- Born: November 5, 1914 Wabash, Indiana, U.S.
- Died: January 6, 2005 (aged 90) Princeton, New Jersey, U.S.
- Education: Manchester University (BA) University of Kansas (MA) Ohio State University (PhD)
- Known for: Solid-state image sensor Stencil lithography Thin-film transistor Video camera tubes
- Spouse: Katherine Weimer
- Awards: IEEE Morris N. Liebmann Memorial Award (1966) New Jersey Inventors Hall of Fame (1992)
- Scientific career
- Fields: Applied physics
- Institutions: RCA laboratory
- Thesis: K-electron capture in radioactive argon Ar^{37} (1942)
- Doctoral advisor: Marion Llewellyn Pool

= Paul K. Weimer =

Paul K. Weimer (November 5, 1914 – January 6, 2005) was a noted contributor to the development of television and the thin-film transistor (TFT).

==Early life and education==
Weimer was born in Wabash, Indiana. He received a B.A. in math and physics from Manchester University (Indiana) in 1936, an M.A. in physics from the University of Kansas in 1938, and a Ph.D. in physics from Ohio State University in 1942. He then joined the RCA laboratory in Princeton, New Jersey, where he worked until retirement in 1981.

==Career==
His first assignment was to develop an electron multiplier to go with the image orthicon. This tube, which proved to be 100 times more sensitive than its predecessors, was used for the first 20 years of television broadcasting in the United States. In 1961, Weimer began making thin-film transistors in a coplanar process on glass substrates. In a typical process, he would deposit a gold source and drain, then deposit polycrystalline semiconductor material, and place a gate on top. After he placed an insulator between the gate and semiconductor, he got excellent results, as published in his 1962 paper, "The TFT: A New Thin-Film Transistor", in the Proceedings of the IRE.

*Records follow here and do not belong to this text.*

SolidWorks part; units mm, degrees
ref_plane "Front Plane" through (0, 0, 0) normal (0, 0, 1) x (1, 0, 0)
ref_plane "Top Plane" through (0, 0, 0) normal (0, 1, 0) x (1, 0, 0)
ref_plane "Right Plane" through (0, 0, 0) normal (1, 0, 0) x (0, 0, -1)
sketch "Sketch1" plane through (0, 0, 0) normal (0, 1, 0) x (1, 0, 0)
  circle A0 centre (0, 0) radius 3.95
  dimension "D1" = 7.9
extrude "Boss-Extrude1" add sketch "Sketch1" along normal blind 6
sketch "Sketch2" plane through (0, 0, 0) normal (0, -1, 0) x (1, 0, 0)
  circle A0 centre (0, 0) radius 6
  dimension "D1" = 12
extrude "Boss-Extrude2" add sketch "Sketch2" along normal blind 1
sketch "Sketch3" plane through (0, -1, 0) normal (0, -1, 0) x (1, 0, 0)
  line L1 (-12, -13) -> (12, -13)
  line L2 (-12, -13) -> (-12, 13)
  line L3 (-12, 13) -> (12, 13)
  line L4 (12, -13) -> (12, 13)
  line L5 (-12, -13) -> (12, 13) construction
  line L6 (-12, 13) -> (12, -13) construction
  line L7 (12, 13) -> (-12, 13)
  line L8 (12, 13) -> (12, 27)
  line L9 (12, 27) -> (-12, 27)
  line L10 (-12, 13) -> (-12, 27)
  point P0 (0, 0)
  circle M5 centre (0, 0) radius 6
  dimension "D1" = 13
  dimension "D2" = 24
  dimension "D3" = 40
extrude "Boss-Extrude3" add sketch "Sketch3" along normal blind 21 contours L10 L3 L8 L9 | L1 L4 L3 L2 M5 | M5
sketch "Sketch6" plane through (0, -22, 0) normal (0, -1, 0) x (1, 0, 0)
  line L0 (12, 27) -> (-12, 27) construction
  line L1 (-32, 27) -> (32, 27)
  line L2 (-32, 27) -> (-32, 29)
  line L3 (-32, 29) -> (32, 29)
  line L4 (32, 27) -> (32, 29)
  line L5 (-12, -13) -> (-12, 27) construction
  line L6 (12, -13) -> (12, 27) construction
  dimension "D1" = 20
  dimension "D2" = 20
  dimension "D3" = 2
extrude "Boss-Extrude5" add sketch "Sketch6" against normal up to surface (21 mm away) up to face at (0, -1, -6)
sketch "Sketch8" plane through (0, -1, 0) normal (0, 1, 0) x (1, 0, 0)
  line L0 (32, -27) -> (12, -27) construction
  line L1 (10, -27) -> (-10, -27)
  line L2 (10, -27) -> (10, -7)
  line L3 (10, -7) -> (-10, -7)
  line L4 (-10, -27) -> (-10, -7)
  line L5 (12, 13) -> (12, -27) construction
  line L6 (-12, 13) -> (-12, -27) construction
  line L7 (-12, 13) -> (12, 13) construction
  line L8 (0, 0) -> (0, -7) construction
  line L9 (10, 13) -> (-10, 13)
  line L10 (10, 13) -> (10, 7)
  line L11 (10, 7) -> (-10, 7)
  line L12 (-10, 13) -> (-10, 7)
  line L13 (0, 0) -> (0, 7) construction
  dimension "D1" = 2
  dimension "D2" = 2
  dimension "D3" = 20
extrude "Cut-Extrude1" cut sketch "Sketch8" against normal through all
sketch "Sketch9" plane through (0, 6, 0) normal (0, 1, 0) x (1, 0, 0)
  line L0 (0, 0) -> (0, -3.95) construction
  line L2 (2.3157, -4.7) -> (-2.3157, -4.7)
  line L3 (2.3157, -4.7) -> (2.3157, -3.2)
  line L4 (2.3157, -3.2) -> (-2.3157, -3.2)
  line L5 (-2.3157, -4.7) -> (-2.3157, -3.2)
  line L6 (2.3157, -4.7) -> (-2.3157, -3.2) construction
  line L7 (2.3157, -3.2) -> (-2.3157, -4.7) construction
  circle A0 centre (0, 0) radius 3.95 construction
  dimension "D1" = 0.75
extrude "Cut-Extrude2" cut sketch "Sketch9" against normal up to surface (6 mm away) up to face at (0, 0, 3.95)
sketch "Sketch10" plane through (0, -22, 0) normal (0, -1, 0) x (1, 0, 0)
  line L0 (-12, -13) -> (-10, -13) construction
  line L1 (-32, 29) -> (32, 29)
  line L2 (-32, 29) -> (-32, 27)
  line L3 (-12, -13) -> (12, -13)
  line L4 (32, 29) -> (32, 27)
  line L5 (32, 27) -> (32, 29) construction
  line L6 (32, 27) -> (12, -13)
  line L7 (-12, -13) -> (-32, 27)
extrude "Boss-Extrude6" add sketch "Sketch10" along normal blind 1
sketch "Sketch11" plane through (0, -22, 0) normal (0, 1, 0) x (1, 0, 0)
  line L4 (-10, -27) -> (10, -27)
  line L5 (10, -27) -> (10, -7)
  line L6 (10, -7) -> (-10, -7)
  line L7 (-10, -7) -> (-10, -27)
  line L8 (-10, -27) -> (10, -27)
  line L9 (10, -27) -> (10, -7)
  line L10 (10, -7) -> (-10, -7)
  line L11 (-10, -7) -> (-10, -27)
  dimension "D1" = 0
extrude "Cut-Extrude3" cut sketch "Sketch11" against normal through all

Weimer held over 90 patents, and was a member of the National Academy of Engineering and fellow of the Institute for Radio Engineers. He received the IRE Television Prize, the 1966 IEEE Morris N. Liebmann Memorial Award, an individual RCA David Sarnoff Outstanding Achievement Award in Science, and the 1986 Kultur Preis of the German Photographic Society. He died in Princeton, New Jersey, at age 90.